* TASK DESCRIPTION
Output, verbatim and without pictures, the lines from the first line of the listing through the line containing "#27=LINE('',#26,#25);".

* RECORDS

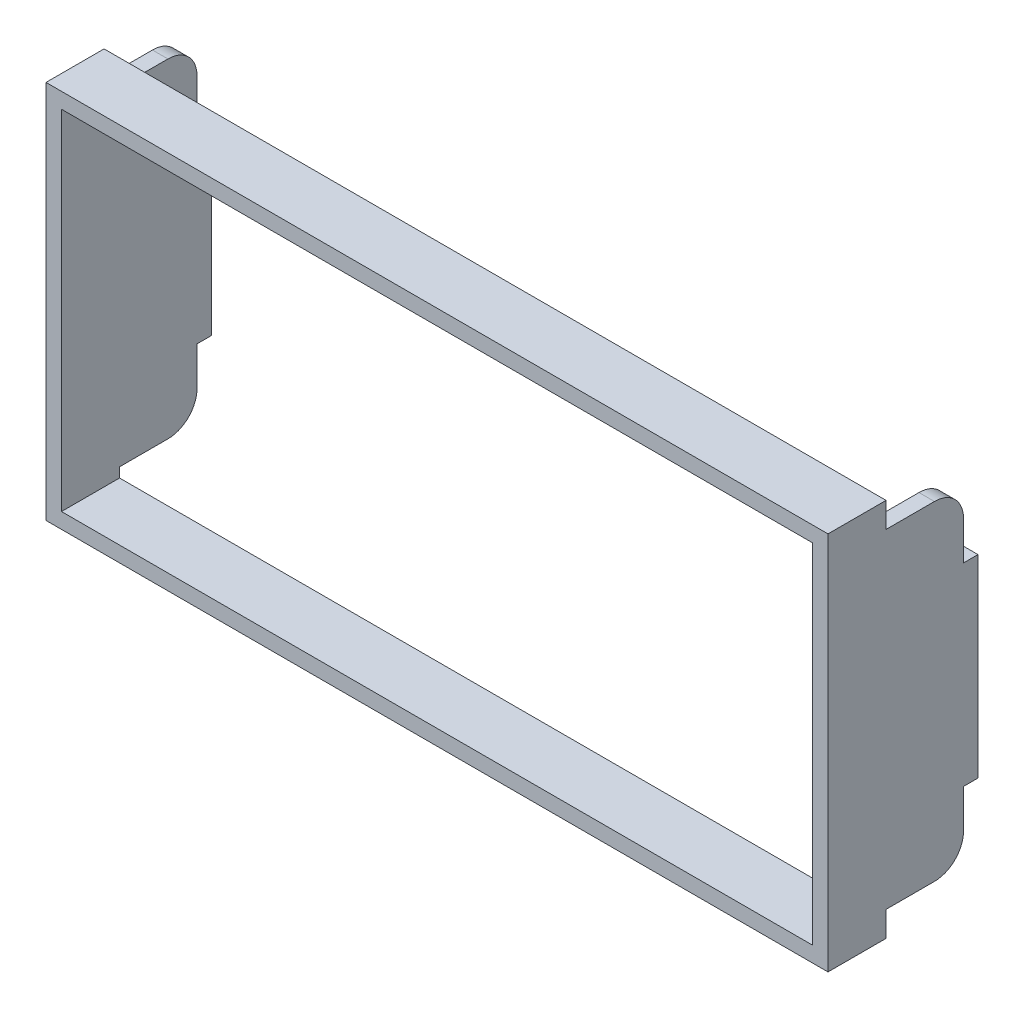
ISO-10303-21;
HEADER;
FILE_DESCRIPTION(('STEP AP214'),'2;1');
FILE_NAME('part.step','',(''),(''),'','','');
FILE_SCHEMA(('AUTOMOTIVE_DESIGN { 1 0 10303 214 1 1 1 1 }'));
ENDSEC;
DATA;
#1=APPLICATION_CONTEXT('core data for automotive mechanical design processes');
#2=APPLICATION_PROTOCOL_DEFINITION('international standard','automotive_design',2000,#1);
#3=PRODUCT_CONTEXT('',#1,'mechanical');
#4=PRODUCT('Part','Part','',(#3));
#5=PRODUCT_RELATED_PRODUCT_CATEGORY('part','',(#4));
#6=PRODUCT_DEFINITION_FORMATION('','',#4);
#7=PRODUCT_DEFINITION_CONTEXT('part definition',#1,'design');
#8=PRODUCT_DEFINITION('design','',#6,#7);
#9=PRODUCT_DEFINITION_SHAPE('','',#8);
#10=(LENGTH_UNIT() NAMED_UNIT(*) SI_UNIT(.MILLI.,.METRE.));
#11=(NAMED_UNIT(*) PLANE_ANGLE_UNIT() SI_UNIT($,.RADIAN.));
#12=(NAMED_UNIT(*) SI_UNIT($,.STERADIAN.) SOLID_ANGLE_UNIT());
#13=UNCERTAINTY_MEASURE_WITH_UNIT(LENGTH_MEASURE(1.E-05),#10,'distance_accuracy_value','');
#14=(GEOMETRIC_REPRESENTATION_CONTEXT(3) GLOBAL_UNCERTAINTY_ASSIGNED_CONTEXT((#13)) GLOBAL_UNIT_ASSIGNED_CONTEXT((#10,
#11,#12)) REPRESENTATION_CONTEXT('',''));
#15=CARTESIAN_POINT('',(0.,0.,0.));
#16=DIRECTION('',(0.,0.,1.));
#17=DIRECTION('',(1.,0.,0.));
#18=AXIS2_PLACEMENT_3D('',#15,#16,#17);
#19=CARTESIAN_POINT('',(0.,0.,-8.));
#20=DIRECTION('',(0.,0.,-1.));
#21=DIRECTION('',(-1.,0.,0.));
#22=AXIS2_PLACEMENT_3D('',#19,#20,#21);
#23=PLANE('',#22);
#24=DIRECTION('',(0.,1.,0.));
#25=VECTOR('',#24,1.);
#26=CARTESIAN_POINT('',(-1.6,-36.,-8.));
#27=LINE('',#26,#25);
#28=CARTESIAN_POINT('',(-1.59999999999999,-7.99999999999999,-8.));
#29=VERTEX_POINT('',#28);
#30=CARTESIAN_POINT('',(-1.59999999999999,-3.99999999999999,-8.));
#31=VERTEX_POINT('',#30);
#32=EDGE_CURVE('E257',#29,#31,#27,.T.);
#33=ORIENTED_EDGE('',*,*,#32,.T.);
#34=DIRECTION('',(1.,0.,0.));
#35=VECTOR('',#34,1.);
#36=CARTESIAN_POINT('',(0.,-4.,-8.));
#37=LINE('',#36,#35);
#38=CARTESIAN_POINT('',(0.,-4.,-8.));
#39=VERTEX_POINT('',#38);
#40=EDGE_CURVE('E446',#31,#39,#37,.T.);
#41=ORIENTED_EDGE('',*,*,#40,.T.);
#42=DIRECTION('',(0.,-1.,0.));
#43=VECTOR('',#42,1.);
#44=CARTESIAN_POINT('',(0.,0.,-8.));
#45=LINE('',#44,#43);
#46=CARTESIAN_POINT('',(0.,-7.99999999999999,-8.));
#47=VERTEX_POINT('',#46);
#48=EDGE_CURVE('E304',#39,#47,#45,.T.);
#49=ORIENTED_EDGE('',*,*,#48,.T.);
#50=DIRECTION('',(1.,0.,0.));
#51=VECTOR('',#50,1.);
#52=CARTESIAN_POINT('',(-1.6,-7.99999999999999,-8.));
#53=LINE('',#52,#51);
#54=EDGE_CURVE('E273',#29,#47,#53,.T.);
#55=ORIENTED_EDGE('',*,*,#54,.F.);
#56=EDGE_LOOP('',(#33,#41,#49,#55));
#57=FACE_BOUND('',#56,.T.);
#58=ADVANCED_FACE('F37',(#57),#23,.T.);
#59=CARTESIAN_POINT('',(0.,0.,-8.));
#60=DIRECTION('',(0.,0.,1.));
#61=DIRECTION('',(1.,0.,0.));
#62=AXIS2_PLACEMENT_3D('',#59,#60,#61);
#63=PLANE('',#62);
#64=DIRECTION('',(0.,-1.,0.));
#65=VECTOR('',#64,1.);
#66=CARTESIAN_POINT('',(79.2,-36.,-8.));
#67=LINE('',#66,#65);
#68=CARTESIAN_POINT('',(79.2,-28.,-8.));
#69=VERTEX_POINT('',#68);
#70=CARTESIAN_POINT('',(79.2,-32.,-8.));
#71=VERTEX_POINT('',#70);
#72=EDGE_CURVE('E309',#69,#71,#67,.T.);
#73=ORIENTED_EDGE('',*,*,#72,.T.);
#74=DIRECTION('',(-1.,0.,0.));
#75=VECTOR('',#74,1.);
#76=CARTESIAN_POINT('',(0.,-32.,-8.));
#77=LINE('',#76,#75);
#78=CARTESIAN_POINT('',(77.6,-32.,-8.));
#79=VERTEX_POINT('',#78);
#80=EDGE_CURVE('E478',#71,#79,#77,.T.);
#81=ORIENTED_EDGE('',*,*,#80,.T.);
#82=DIRECTION('',(0.,1.,0.));
#83=VECTOR('',#82,1.);
#84=CARTESIAN_POINT('',(77.6,0.,-8.));
#85=LINE('',#84,#83);
#86=CARTESIAN_POINT('',(77.6,-28.,-8.));
#87=VERTEX_POINT('',#86);
#88=EDGE_CURVE('E307',#79,#87,#85,.T.);
#89=ORIENTED_EDGE('',*,*,#88,.T.);
#90=DIRECTION('',(-1.,0.,0.));
#91=VECTOR('',#90,1.);
#92=CARTESIAN_POINT('',(77.6,-28.,-8.));
#93=LINE('',#92,#91);
#94=EDGE_CURVE('E287',#69,#87,#93,.T.);
#95=ORIENTED_EDGE('',*,*,#94,.F.);
#96=EDGE_LOOP('',(#73,#81,#89,#95));
#97=FACE_BOUND('',#96,.T.);
#98=ADVANCED_FACE('F547',(#97),#63,.F.);
#99=CARTESIAN_POINT('',(77.6,-8.,-8.));
#100=VERTEX_POINT('',#99);
#101=CARTESIAN_POINT('',(77.6,-4.,-8.));
#102=VERTEX_POINT('',#101);
#103=EDGE_CURVE('E310',#100,#102,#85,.T.);
#104=ORIENTED_EDGE('',*,*,#103,.T.);
#105=DIRECTION('',(1.,0.,0.));
#106=VECTOR('',#105,1.);
#107=CARTESIAN_POINT('',(0.,-3.99999999999999,-8.));
#108=LINE('',#107,#106);
#109=CARTESIAN_POINT('',(79.2,-4.,-8.));
#110=VERTEX_POINT('',#109);
#111=EDGE_CURVE('E45',#102,#110,#108,.T.);
#112=ORIENTED_EDGE('',*,*,#111,.T.);
#113=CARTESIAN_POINT('',(79.2,-8.,-8.));
#114=VERTEX_POINT('',#113);
#115=EDGE_CURVE('E311',#110,#114,#67,.T.);
#116=ORIENTED_EDGE('',*,*,#115,.T.);
#117=DIRECTION('',(1.,0.,0.));
#118=VECTOR('',#117,1.);
#119=CARTESIAN_POINT('',(79.2,-8.,-8.));
#120=LINE('',#119,#118);
#121=EDGE_CURVE('E290',#100,#114,#120,.T.);
#122=ORIENTED_EDGE('',*,*,#121,.F.);
#123=EDGE_LOOP('',(#104,#112,#116,#122));
#124=FACE_BOUND('',#123,.T.);
#125=ADVANCED_FACE('F491',(#124),#63,.F.);
#126=CARTESIAN_POINT('',(0.,0.,0.));
#127=DIRECTION('',(0.,0.,1.));
#128=DIRECTION('',(1.,0.,0.));
#129=AXIS2_PLACEMENT_3D('',#126,#127,#128);
#130=PLANE('',#129);
#131=DIRECTION('',(1.,0.,0.));
#132=VECTOR('',#131,1.);
#133=CARTESIAN_POINT('',(0.,-1.,0.));
#134=LINE('',#133,#132);
#135=CARTESIAN_POINT('',(-1.6,-0.99999999999999,0.));
#136=VERTEX_POINT('',#135);
#137=CARTESIAN_POINT('',(0.,-1.,0.));
#138=VERTEX_POINT('',#137);
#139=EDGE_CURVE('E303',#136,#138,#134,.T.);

* WRITTEN REPLY
ISO-10303-21;
HEADER;
FILE_DESCRIPTION(('STEP AP214'),'2;1');
FILE_NAME('part.step','',(''),(''),'','','');
FILE_SCHEMA(('AUTOMOTIVE_DESIGN { 1 0 10303 214 1 1 1 1 }'));
ENDSEC;
DATA;
#1=APPLICATION_CONTEXT('core data for automotive mechanical design processes');
#2=APPLICATION_PROTOCOL_DEFINITION('international standard','automotive_design',2000,#1);
#3=PRODUCT_CONTEXT('',#1,'mechanical');
#4=PRODUCT('Part','Part','',(#3));
#5=PRODUCT_RELATED_PRODUCT_CATEGORY('part','',(#4));
#6=PRODUCT_DEFINITION_FORMATION('','',#4);
#7=PRODUCT_DEFINITION_CONTEXT('part definition',#1,'design');
#8=PRODUCT_DEFINITION('design','',#6,#7);
#9=PRODUCT_DEFINITION_SHAPE('','',#8);
#10=(LENGTH_UNIT() NAMED_UNIT(*) SI_UNIT(.MILLI.,.METRE.));
#11=(NAMED_UNIT(*) PLANE_ANGLE_UNIT() SI_UNIT($,.RADIAN.));
#12=(NAMED_UNIT(*) SI_UNIT($,.STERADIAN.) SOLID_ANGLE_UNIT());
#13=UNCERTAINTY_MEASURE_WITH_UNIT(LENGTH_MEASURE(1.E-05),#10,'distance_accuracy_value','');
#14=(GEOMETRIC_REPRESENTATION_CONTEXT(3) GLOBAL_UNCERTAINTY_ASSIGNED_CONTEXT((#13)) GLOBAL_UNIT_ASSIGNED_CONTEXT((#10,
#11,#12)) REPRESENTATION_CONTEXT('',''));
#15=CARTESIAN_POINT('',(0.,0.,0.));
#16=DIRECTION('',(0.,0.,1.));
#17=DIRECTION('',(1.,0.,0.));
#18=AXIS2_PLACEMENT_3D('',#15,#16,#17);
#19=CARTESIAN_POINT('',(0.,0.,-8.));
#20=DIRECTION('',(0.,0.,-1.));
#21=DIRECTION('',(-1.,0.,0.));
#22=AXIS2_PLACEMENT_3D('',#19,#20,#21);
#23=PLANE('',#22);
#24=DIRECTION('',(0.,1.,0.));
#25=VECTOR('',#24,1.);
#26=CARTESIAN_POINT('',(-1.6,-36.,-8.));
#27=LINE('',#26,#25);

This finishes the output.